Why is 'ULTRAVIOLET' by The Weird Sisters the Wall Breaker track?
Because it hits at forty minutes in, exactly when the run should be falling apart, and instead everything clicks into focus. The distortion stays but the melody breaks through, proving the noise wasn't punishment—it was preparation. It's the moment when you stop fighting the distance and start leaning into it. The Weird Sisters understand what great running music knows: beauty buried under chaos is beauty you have to chase.
What makes egg punk good for running?
Egg punk is raw, unhinged, and too chaotic to argue with. It shares DNA with post-punk and noise rock but strips away any pretense of sophistication. Viagra Boys and Warmduscher sound like bands who couldn't care less if you're tired or your shoes are wrong. That refusal to coddle you is exactly what you need when you're three miles in and already negotiating. Egg punk doesn't let you off the hook.

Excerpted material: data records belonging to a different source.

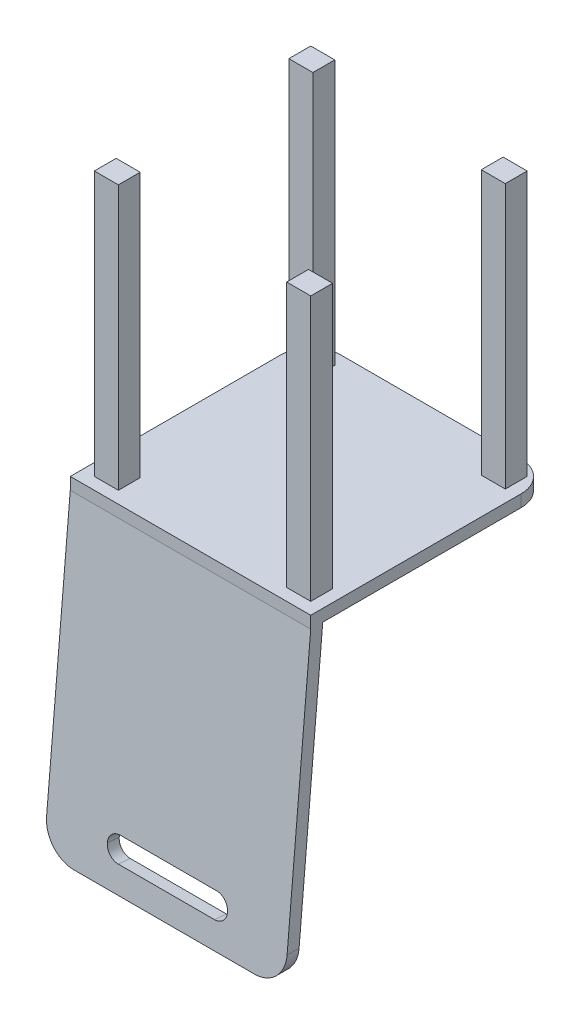
ISO-10303-21;
HEADER;
FILE_DESCRIPTION(('STEP AP214'),'2;1');
FILE_NAME('part.step','',(''),(''),'','','');
FILE_SCHEMA(('AUTOMOTIVE_DESIGN { 1 0 10303 214 1 1 1 1 }'));
ENDSEC;
DATA;
#1=APPLICATION_CONTEXT('core data for automotive mechanical design processes');
#2=APPLICATION_PROTOCOL_DEFINITION('international standard','automotive_design',2000,#1);
#3=PRODUCT_CONTEXT('',#1,'mechanical');
#4=PRODUCT('Part','Part','',(#3));
#5=PRODUCT_RELATED_PRODUCT_CATEGORY('part','',(#4));
#6=PRODUCT_DEFINITION_FORMATION('','',#4);
#7=PRODUCT_DEFINITION_CONTEXT('part definition',#1,'design');
#8=PRODUCT_DEFINITION('design','',#6,#7);
#9=PRODUCT_DEFINITION_SHAPE('','',#8);
#10=(LENGTH_UNIT() NAMED_UNIT(*) SI_UNIT(.MILLI.,.METRE.));
#11=(NAMED_UNIT(*) PLANE_ANGLE_UNIT() SI_UNIT($,.RADIAN.));
#12=(NAMED_UNIT(*) SI_UNIT($,.STERADIAN.) SOLID_ANGLE_UNIT());
#13=UNCERTAINTY_MEASURE_WITH_UNIT(LENGTH_MEASURE(1.E-05),#10,'distance_accuracy_value','');
#14=(GEOMETRIC_REPRESENTATION_CONTEXT(3) GLOBAL_UNCERTAINTY_ASSIGNED_CONTEXT((#13)) GLOBAL_UNIT_ASSIGNED_CONTEXT((#10,
#11,#12)) REPRESENTATION_CONTEXT('',''));
#15=CARTESIAN_POINT('',(0.,0.,0.));
#16=DIRECTION('',(0.,0.,1.));
#17=DIRECTION('',(1.,0.,0.));
#18=AXIS2_PLACEMENT_3D('',#15,#16,#17);
#19=CARTESIAN_POINT('',(0.,0.,0.));
#20=DIRECTION('',(0.,-1.,0.));
#21=DIRECTION('',(0.,0.,-1.));
#22=AXIS2_PLACEMENT_3D('',#19,#20,#21);
#23=PLANE('',#22);
#24=DIRECTION('',(-1.,0.,0.));
#25=VECTOR('',#24,1.);
#26=CARTESIAN_POINT('',(200.,0.,-200.));
#27=LINE('',#26,#25);
#28=CARTESIAN_POINT('',(150.,0.,-200.));
#29=VERTEX_POINT('',#28);
#30=CARTESIAN_POINT('',(-150.,0.,-200.));
#31=VERTEX_POINT('',#30);
#32=EDGE_CURVE('E283',#29,#31,#27,.T.);
#33=ORIENTED_EDGE('',*,*,#32,.F.);
#34=CARTESIAN_POINT('',(150.,0.,-150.));
#35=DIRECTION('',(0.,-1.,0.));
#36=DIRECTION('',(0.,0.,-1.));
#37=AXIS2_PLACEMENT_3D('',#34,#35,#36);
#38=CIRCLE('',#37,50.);
#39=CARTESIAN_POINT('',(200.,0.,-150.));
#40=VERTEX_POINT('',#39);
#41=EDGE_CURVE('E281',#29,#40,#38,.T.);
#42=ORIENTED_EDGE('',*,*,#41,.T.);
#43=DIRECTION('',(0.,0.,-1.));
#44=VECTOR('',#43,1.);
#45=CARTESIAN_POINT('',(200.,0.,-200.));
#46=LINE('',#45,#44);
#47=CARTESIAN_POINT('',(200.,0.,180.));
#48=VERTEX_POINT('',#47);
#49=EDGE_CURVE('E273',#48,#40,#46,.T.);
#50=ORIENTED_EDGE('',*,*,#49,.F.);
#51=DIRECTION('',(-1.,0.,0.));
#52=VECTOR('',#51,1.);
#53=CARTESIAN_POINT('',(200.,0.,180.));
#54=LINE('',#53,#52);
#55=CARTESIAN_POINT('',(-200.,0.,180.));
#56=VERTEX_POINT('',#55);
#57=EDGE_CURVE('E255',#48,#56,#54,.T.);
#58=ORIENTED_EDGE('',*,*,#57,.T.);
#59=DIRECTION('',(0.,0.,1.));
#60=VECTOR('',#59,1.);
#61=CARTESIAN_POINT('',(-200.,0.,-200.));
#62=LINE('',#61,#60);
#63=CARTESIAN_POINT('',(-200.,0.,-150.));
#64=VERTEX_POINT('',#63);
#65=EDGE_CURVE('E291',#64,#56,#62,.T.);
#66=ORIENTED_EDGE('',*,*,#65,.F.);
#67=CARTESIAN_POINT('',(-150.,0.,-150.));
#68=DIRECTION('',(0.,-1.,0.));
#69=DIRECTION('',(0.,0.,-1.));
#70=AXIS2_PLACEMENT_3D('',#67,#68,#69);
#71=CIRCLE('',#70,50.);
#72=EDGE_CURVE('E308',#64,#31,#71,.T.);
#73=ORIENTED_EDGE('',*,*,#72,.T.);
#74=EDGE_LOOP('',(#33,#42,#50,#58,#66,#73));
#75=FACE_BOUND('',#74,.T.);
#76=ADVANCED_FACE('F39',(#75),#23,.T.);
#77=CARTESIAN_POINT('',(0.,20.,0.));
#78=DIRECTION('',(0.,-1.,0.));
#79=DIRECTION('',(0.,0.,-1.));
#80=AXIS2_PLACEMENT_3D('',#77,#78,#79);
#81=PLANE('',#80);
#82=DIRECTION('',(0.,0.,-1.));
#83=VECTOR('',#82,1.);
#84=CARTESIAN_POINT('',(180.,20.,180.));
#85=LINE('',#84,#83);
#86=CARTESIAN_POINT('',(180.,20.,180.));
#87=VERTEX_POINT('',#86);
#88=CARTESIAN_POINT('',(180.,20.,143.629446770553));
#89=VERTEX_POINT('',#88);
#90=EDGE_CURVE('E481',#87,#89,#85,.T.);
#91=ORIENTED_EDGE('',*,*,#90,.F.);
#92=DIRECTION('',(1.,0.,0.));
#93=VECTOR('',#92,1.);
#94=CARTESIAN_POINT('',(180.,20.,180.));
#95=LINE('',#94,#93);
#96=CARTESIAN_POINT('',(140.,20.,180.));
#97=VERTEX_POINT('',#96);
#98=EDGE_CURVE('E487',#97,#87,#95,.T.);
#99=ORIENTED_EDGE('',*,*,#98,.F.);
#100=DIRECTION('',(0.,0.,1.));
#101=VECTOR('',#100,1.);
#102=CARTESIAN_POINT('',(140.,20.,180.));
#103=LINE('',#102,#101);
#104=CARTESIAN_POINT('',(140.,20.,143.629446770553));
#105=VERTEX_POINT('',#104);
#106=EDGE_CURVE('E504',#105,#97,#103,.T.);
#107=ORIENTED_EDGE('',*,*,#106,.F.);
#108=DIRECTION('',(-1.,0.,0.));
#109=VECTOR('',#108,1.);
#110=CARTESIAN_POINT('',(180.,20.,143.629446770553));
#111=LINE('',#110,#109);
#112=EDGE_CURVE('E500',#89,#105,#111,.T.);
#113=ORIENTED_EDGE('',*,*,#112,.F.);
#114=EDGE_LOOP('',(#91,#99,#107,#113));
#115=FACE_BOUND('',#114,.T.);
#116=DIRECTION('',(0.,0.,1.));
#117=VECTOR('',#116,1.);
#118=CARTESIAN_POINT('',(-180.,20.,-180.));
#119=LINE('',#118,#117);
#120=CARTESIAN_POINT('',(-180.,20.,-180.));
#121=VERTEX_POINT('',#120);
#122=CARTESIAN_POINT('',(-180.,20.,-143.629446770553));
#123=VERTEX_POINT('',#122);
#124=EDGE_CURVE('E571',#121,#123,#119,.T.);
#125=ORIENTED_EDGE('',*,*,#124,.F.);
#126=DIRECTION('',(-1.,0.,0.));
#127=VECTOR('',#126,1.);
#128=CARTESIAN_POINT('',(-180.,20.,-180.));
#129=LINE('',#128,#127);
#130=CARTESIAN_POINT('',(-140.,20.,-180.));
#131=VERTEX_POINT('',#130);
#132=EDGE_CURVE('E577',#131,#121,#129,.T.);
#133=ORIENTED_EDGE('',*,*,#132,.F.);
#134=DIRECTION('',(0.,0.,-1.));
#135=VECTOR('',#134,1.);
#136=CARTESIAN_POINT('',(-140.,20.,-180.));
#137=LINE('',#136,#135);
#138=CARTESIAN_POINT('',(-140.,20.,-143.629446770553));
#139=VERTEX_POINT('',#138);
#140=EDGE_CURVE('E594',#139,#131,#137,.T.);
#141=ORIENTED_EDGE('',*,*,#140,.F.);
#142=DIRECTION('',(1.,0.,0.));
#143=VECTOR('',#142,1.);
#144=CARTESIAN_POINT('',(-180.,20.,-143.629446770553));
#145=LINE('',#144,#143);
#146=EDGE_CURVE('E590',#123,#139,#145,.T.);
#147=ORIENTED_EDGE('',*,*,#146,.F.);
#148=EDGE_LOOP('',(#125,#133,#141,#147));
#149=FACE_BOUND('',#148,.T.);
#150=DIRECTION('',(0.,0.,-1.));
#151=VECTOR('',#150,1.);
#152=CARTESIAN_POINT('',(200.,20.,-200.));
#153=LINE('',#152,#151);
#154=CARTESIAN_POINT('',(200.,20.,200.));
#155=VERTEX_POINT('',#154);
#156=CARTESIAN_POINT('',(200.,20.,-150.));
#157=VERTEX_POINT('',#156);
#158=EDGE_CURVE('E621',#155,#157,#153,.T.);
#159=ORIENTED_EDGE('',*,*,#158,.T.);
#160=CARTESIAN_POINT('',(150.,20.,-150.));
#161=DIRECTION('',(0.,-1.,0.));
#162=DIRECTION('',(0.,0.,-1.));
#163=AXIS2_PLACEMENT_3D('',#160,#161,#162);
#164=CIRCLE('',#163,50.);
#165=CARTESIAN_POINT('',(150.,20.,-200.));
#166=VERTEX_POINT('',#165);
#167=EDGE_CURVE('E328',#157,#166,#164,.F.);
#168=ORIENTED_EDGE('',*,*,#167,.T.);
#169=DIRECTION('',(-1.,0.,0.));
#170=VECTOR('',#169,1.);
#171=CARTESIAN_POINT('',(200.,20.,-200.));
#172=LINE('',#171,#170);
#173=CARTESIAN_POINT('',(-150.,20.,-200.));
#174=VERTEX_POINT('',#173);
#175=EDGE_CURVE('E300',#166,#174,#172,.T.);
#176=ORIENTED_EDGE('',*,*,#175,.T.);
#177=CARTESIAN_POINT('',(-150.,20.,-150.));
#178=DIRECTION('',(0.,-1.,0.));
#179=DIRECTION('',(0.,0.,-1.));
#180=AXIS2_PLACEMENT_3D('',#177,#178,#179);
#181=CIRCLE('',#180,50.);
#182=CARTESIAN_POINT('',(-200.,20.,-150.));
#183=VERTEX_POINT('',#182);
#184=EDGE_CURVE('E316',#174,#183,#181,.F.);
#185=ORIENTED_EDGE('',*,*,#184,.T.);
#186=DIRECTION('',(0.,0.,1.));
#187=VECTOR('',#186,1.);
#188=CARTESIAN_POINT('',(-200.,20.,-200.));
#189=LINE('',#188,#187);
#190=CARTESIAN_POINT('',(-200.,20.,200.));
#191=VERTEX_POINT('',#190);
#192=EDGE_CURVE('E288',#183,#191,#189,.T.);
#193=ORIENTED_EDGE('',*,*,#192,.T.);
#194=DIRECTION('',(1.,0.,0.));
#195=VECTOR('',#194,1.);
#196=CARTESIAN_POINT('',(200.,20.,200.));
#197=LINE('',#196,#195);
#198=EDGE_CURVE('E618',#191,#155,#197,.T.);
#199=ORIENTED_EDGE('',*,*,#198,.T.);
#200=EDGE_LOOP('',(#159,#168,#176,#185,#193,#199));
#201=FACE_BOUND('',#200,.T.);
#202=DIRECTION('',(-1.,0.,0.));
#203=VECTOR('',#202,1.);
#204=CARTESIAN_POINT('',(180.,20.,-180.));
#205=LINE('',#204,#203);
#206=CARTESIAN_POINT('',(180.,20.,-180.));
#207=VERTEX_POINT('',#206);
#208=CARTESIAN_POINT('',(140.,20.,-180.));
#209=VERTEX_POINT('',#208);
#210=EDGE_CURVE('E526',#207,#209,#205,.T.);
#211=ORIENTED_EDGE('',*,*,#210,.F.);
#212=DIRECTION('',(0.,0.,-1.));
#213=VECTOR('',#212,1.);
#214=CARTESIAN_POINT('',(180.,20.,-180.));
#215=LINE('',#214,#213);
#216=CARTESIAN_POINT('',(180.,20.,-143.629446770553));
#217=VERTEX_POINT('',#216);
#218=EDGE_CURVE('E532',#217,#207,#215,.T.);
#219=ORIENTED_EDGE('',*,*,#218,.F.);
#220=DIRECTION('',(1.,0.,0.));
#221=VECTOR('',#220,1.);
#222=CARTESIAN_POINT('',(180.,20.,-143.629446770553));
#223=LINE('',#222,#221);
#224=CARTESIAN_POINT('',(140.,20.,-143.629446770553));
#225=VERTEX_POINT('',#224);
#226=EDGE_CURVE('E549',#225,#217,#223,.T.);
#227=ORIENTED_EDGE('',*,*,#226,.F.);
#228=DIRECTION('',(0.,0.,1.));
#229=VECTOR('',#228,1.);
#230=CARTESIAN_POINT('',(140.,20.,-180.));
#231=LINE('',#230,#229);
#232=EDGE_CURVE('E545',#209,#225,#231,.T.);
#233=ORIENTED_EDGE('',*,*,#232,.F.);
#234=EDGE_LOOP('',(#211,#219,#227,#233));
#235=FACE_BOUND('',#234,.T.);
#236=DIRECTION('',(1.,0.,0.));
#237=VECTOR('',#236,1.);
#238=CARTESIAN_POINT('',(-180.,20.,180.));
#239=LINE('',#238,#237);
#240=CARTESIAN_POINT('',(-180.,20.,180.));
#241=VERTEX_POINT('',#240);
#242=CARTESIAN_POINT('',(-140.,20.,180.));
#243=VERTEX_POINT('',#242);
#244=EDGE_CURVE('E434',#241,#243,#239,.T.);
#245=ORIENTED_EDGE('',*,*,#244,.F.);
#246=DIRECTION('',(0.,0.,1.));
#247=VECTOR('',#246,1.);
#248=CARTESIAN_POINT('',(-180.,20.,180.));
#249=LINE('',#248,#247);
#250=CARTESIAN_POINT('',(-180.,20.,143.629446770553));
#251=VERTEX_POINT('',#250);
#252=EDGE_CURVE('E442',#251,#241,#249,.T.);
#253=ORIENTED_EDGE('',*,*,#252,.F.);
#254=DIRECTION('',(-1.,0.,0.));
#255=VECTOR('',#254,1.);
#256=CARTESIAN_POINT('',(-180.,20.,143.629446770553));
#257=LINE('',#256,#255);
#258=CARTESIAN_POINT('',(-140.,20.,143.629446770553));
#259=VERTEX_POINT('',#258);
#260=EDGE_CURVE('E459',#259,#251,#257,.T.);
#261=ORIENTED_EDGE('',*,*,#260,.F.);
#262=DIRECTION('',(0.,0.,-1.));
#263=VECTOR('',#262,1.);
#264=CARTESIAN_POINT('',(-140.,20.,180.));
#265=LINE('',#264,#263);
#266=EDGE_CURVE('E455',#243,#259,#265,.T.);
#267=ORIENTED_EDGE('',*,*,#266,.F.);
#268=EDGE_LOOP('',(#245,#253,#261,#267));
#269=FACE_BOUND('',#268,.T.);
#270=ADVANCED_FACE('F645',(#115,#149,#201,#235,#269),#81,.F.);
#271=CARTESIAN_POINT('',(-200.,20.,-200.));
#272=DIRECTION('',(1.,0.,0.));
#273=DIRECTION('',(0.,0.,-1.));
#274=AXIS2_PLACEMENT_3D('',#271,#272,#273);
#275=PLANE('',#274);
#276=DIRECTION('',(0.,-0.996194698091745,0.0871557427476617));
#277=VECTOR('',#276,1.);
#278=CARTESIAN_POINT('',(-200.,-500.,223.744331762964));
#279=LINE('',#278,#277);
#280=CARTESIAN_POINT('',(-200.,-450.,219.369898586668));
#281=VERTEX_POINT('',#280);
#282=EDGE_CURVE('E261',#56,#281,#279,.T.);
#283=ORIENTED_EDGE('',*,*,#282,.T.);
#284=DIRECTION('',(0.,0.,1.));
#285=VECTOR('',#284,1.);
#286=CARTESIAN_POINT('',(-200.,-450.,243.744331762964));
#287=LINE('',#286,#285);
#288=CARTESIAN_POINT('',(-200.,-450.,239.369898586668));
#289=VERTEX_POINT('',#288);
#290=EDGE_CURVE('E331',#281,#289,#287,.T.);
#291=ORIENTED_EDGE('',*,*,#290,.T.);
#292=DIRECTION('',(0.,0.996194698091745,-0.0871557427476618));
#293=VECTOR('',#292,1.);
#294=CARTESIAN_POINT('',(-200.,0.,200.));
#295=LINE('',#294,#293);
#296=CARTESIAN_POINT('',(-200.,0.,200.));
#297=VERTEX_POINT('',#296);
#298=EDGE_CURVE('E278',#289,#297,#295,.T.);
#299=ORIENTED_EDGE('',*,*,#298,.T.);
#300=DIRECTION('',(0.,-1.,0.));
#301=VECTOR('',#300,1.);
#302=CARTESIAN_POINT('',(-200.,20.,200.));
#303=LINE('',#302,#301);
#304=EDGE_CURVE('E299',#191,#297,#303,.T.);
#305=ORIENTED_EDGE('',*,*,#304,.F.);
#306=ORIENTED_EDGE('',*,*,#192,.F.);
#307=DIRECTION('',(0.,-1.,0.));
#308=VECTOR('',#307,1.);
#309=CARTESIAN_POINT('',(-200.,20.,-150.));
#310=LINE('',#309,#308);
#311=EDGE_CURVE('E304',#183,#64,#310,.T.);
#312=ORIENTED_EDGE('',*,*,#311,.T.);
#313=ORIENTED_EDGE('',*,*,#65,.T.);
#314=EDGE_LOOP('',(#283,#291,#299,#305,#306,#312,#313));
#315=FACE_BOUND('',#314,.T.);
#316=ADVANCED_FACE('F628',(#315),#275,.F.);
#317=CARTESIAN_POINT('',(200.,20.,200.));
#318=DIRECTION('',(0.,0.,-1.));
#319=DIRECTION('',(-1.,0.,0.));
#320=AXIS2_PLACEMENT_3D('',#317,#318,#319);
#321=PLANE('',#320);
#322=DIRECTION('',(1.,0.,0.));
#323=VECTOR('',#322,1.);
#324=CARTESIAN_POINT('',(200.,0.,200.));
#325=LINE('',#324,#323);
#326=CARTESIAN_POINT('',(200.,0.,200.));
#327=VERTEX_POINT('',#326);
#328=EDGE_CURVE('E284',#297,#327,#325,.T.);
#329=ORIENTED_EDGE('',*,*,#328,.T.);
#330=DIRECTION('',(0.,-1.,0.));
#331=VECTOR('',#330,1.);
#332=CARTESIAN_POINT('',(200.,20.,200.));
#333=LINE('',#332,#331);
#334=EDGE_CURVE('E295',#155,#327,#333,.T.);
#335=ORIENTED_EDGE('',*,*,#334,.F.);
#336=ORIENTED_EDGE('',*,*,#198,.F.);
#337=ORIENTED_EDGE('',*,*,#304,.T.);
#338=EDGE_LOOP('',(#329,#335,#336,#337));
#339=FACE_BOUND('',#338,.T.);
#340=ADVANCED_FACE('F651',(#339),#321,.F.);
#341=CARTESIAN_POINT('',(200.,20.,-200.));
#342=DIRECTION('',(-1.,0.,0.));
#343=DIRECTION('',(0.,0.,1.));
#344=AXIS2_PLACEMENT_3D('',#341,#342,#343);
#345=PLANE('',#344);
#346=DIRECTION('',(0.,0.996194698091745,-0.0871557427476618));
#347=VECTOR('',#346,1.);
#348=CARTESIAN_POINT('',(200.,0.,200.));
#349=LINE('',#348,#347);
#350=CARTESIAN_POINT('',(200.,-450.,239.369898586668));
#351=VERTEX_POINT('',#350);
#352=EDGE_CURVE('E267',#351,#327,#349,.T.);
#353=ORIENTED_EDGE('',*,*,#352,.F.);
#354=DIRECTION('',(0.,0.,1.));
#355=VECTOR('',#354,1.);
#356=CARTESIAN_POINT('',(200.,-450.,223.744331762964));
#357=LINE('',#356,#355);
#358=CARTESIAN_POINT('',(200.,-450.,219.369898586668));
#359=VERTEX_POINT('',#358);
#360=EDGE_CURVE('E276',#351,#359,#357,.F.);
#361=ORIENTED_EDGE('',*,*,#360,.T.);
#362=DIRECTION('',(0.,-0.996194698091745,0.0871557427476617));
#363=VECTOR('',#362,1.);
#364=CARTESIAN_POINT('',(200.,-500.,223.744331762964));
#365=LINE('',#364,#363);
#366=EDGE_CURVE('E258',#48,#359,#365,.T.);
#367=ORIENTED_EDGE('',*,*,#366,.F.);
#368=ORIENTED_EDGE('',*,*,#49,.T.);
#369=DIRECTION('',(0.,-1.,0.));
#370=VECTOR('',#369,1.);
#371=CARTESIAN_POINT('',(200.,20.,-150.));
#372=LINE('',#371,#370);
#373=EDGE_CURVE('E325',#40,#157,#372,.F.);
#374=ORIENTED_EDGE('',*,*,#373,.T.);
#375=ORIENTED_EDGE('',*,*,#158,.F.);
#376=ORIENTED_EDGE('',*,*,#334,.T.);
#377=EDGE_LOOP('',(#353,#361,#367,#368,#374,#375,#376));
#378=FACE_BOUND('',#377,.T.);
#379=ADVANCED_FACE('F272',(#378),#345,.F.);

Why is King Gizzard & The Lizard Wizard on a running playlist?
Because 'Shanghai' and 'Le Risque' are King Gizzard in full psychedelic sprint mode—guitars spiraling around a locked tempo that won't let you coast. They're a band with seventeen albums who refuse to repeat themselves, and these two tracks capture them at their most restless. That restlessness translates perfectly to running: you're moving, the music's moving, and neither of you knows exactly where you're going but you're committed.